The windows had all sorts of stories being told within them- a rose blooming from a red mound, with a window holding many different square panes all decorated with their own pattern like patchwork placed right next to it. There was a window that held a still, black sea and floating above was the blinding moon full of its many craters. Higher up was a window showing many butterflies soaring up into the sky, becoming nothing but dots on the horizon, and beside it was the sun encircled by little hands of shadow reaching out to grab at its rays.

Finally, highest of all, was a window that held nothing but the outline of a little vase.

Looking out behind the weird railing to the porch, sitting in a plain rocking chair and smoking a long oak pipe was a woman. She could have been mistaken as a beggar, as the cloth that made up her skirts were spotted with splotches of color from when they had been dyed their mustard and dusty greens. Her figure was tall and slender, with two of her four arms at rest across her lap as a third held her pipe before her lips. The fourth was laid across the arm of the chair as she rocked back and forth, the creaking of the chair on the wooden boards of the porch mimicking the calls of the birds far away. Legs crossed, they were thin like the legs of the butterflies that surrounded the entire area. In fact, looking at the woman closer revealed she was no different than the bugs around them. She, with her faceted eyes, looked over the two travelers who unknowingly were led to her very home.

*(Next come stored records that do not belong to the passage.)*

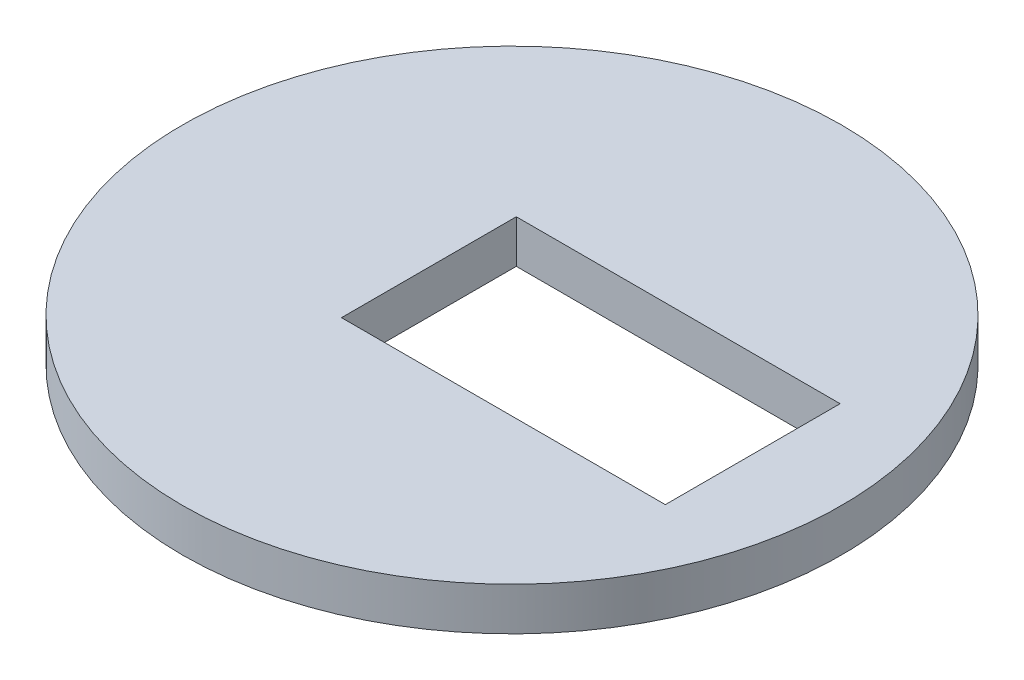
from build123d import *

# Parameters (mm, degrees)
SKETCH1_R           = 23
BOSS_EXTRUDE1_DEPTH = 3
SKETCH2_W           = 5.8
SKETCH2_H           = 6.1
SKETCH2_W_2         = 16.8
CUT_EXTRUDE1_DEPTH  = 10


with BuildPart() as part:
    # Sketch1 → Boss-Extrude1 (new body)
    with BuildSketch(Plane(origin=(0, 0, 0), x_dir=(1, 0, 0), z_dir=(0, 1, 0))):
        with Locations(Location((0, 0, 0), (0, 0, 270))):
            Circle(SKETCH1_R)
    extrude(amount=BOSS_EXTRUDE1_DEPTH)

    # Sketch2 → Cut-Extrude1 (cut)
    with BuildSketch(Plane(origin=(0, 3, 0), x_dir=(1, 0, 0), z_dir=(0, 1, 0))):
        with Locations((-2.9, 3.05)):
            Rectangle(SKETCH2_W, SKETCH2_H)
        with Locations((8.4, 3.05)):
            Rectangle(SKETCH2_W_2, SKETCH2_H)
        with Locations((8.4, -3.05)):
            Rectangle(SKETCH2_W_2, SKETCH2_H)
        with Locations((-2.9, -3.05)):
            Rectangle(SKETCH2_W, SKETCH2_H)
    extrude(amount=-CUT_EXTRUDE1_DEPTH, mode=Mode.SUBTRACT)


solid = part.part

Standing up from her chair, she greeted them with a puff of her pipe and a flap of her wings as they spread out behind her, glittering their many colors across the forest once the light of the sun broke through their panes, as they were the same as the glass that hung in the stained windows, and on the ornaments in the trees. She spoke through the smoke from her mouth to the monarch that fluttered onto her outstretched finger from one of her many hands,

‘What curious company you have brought with you, you sly thing. I was not expecting visitors.’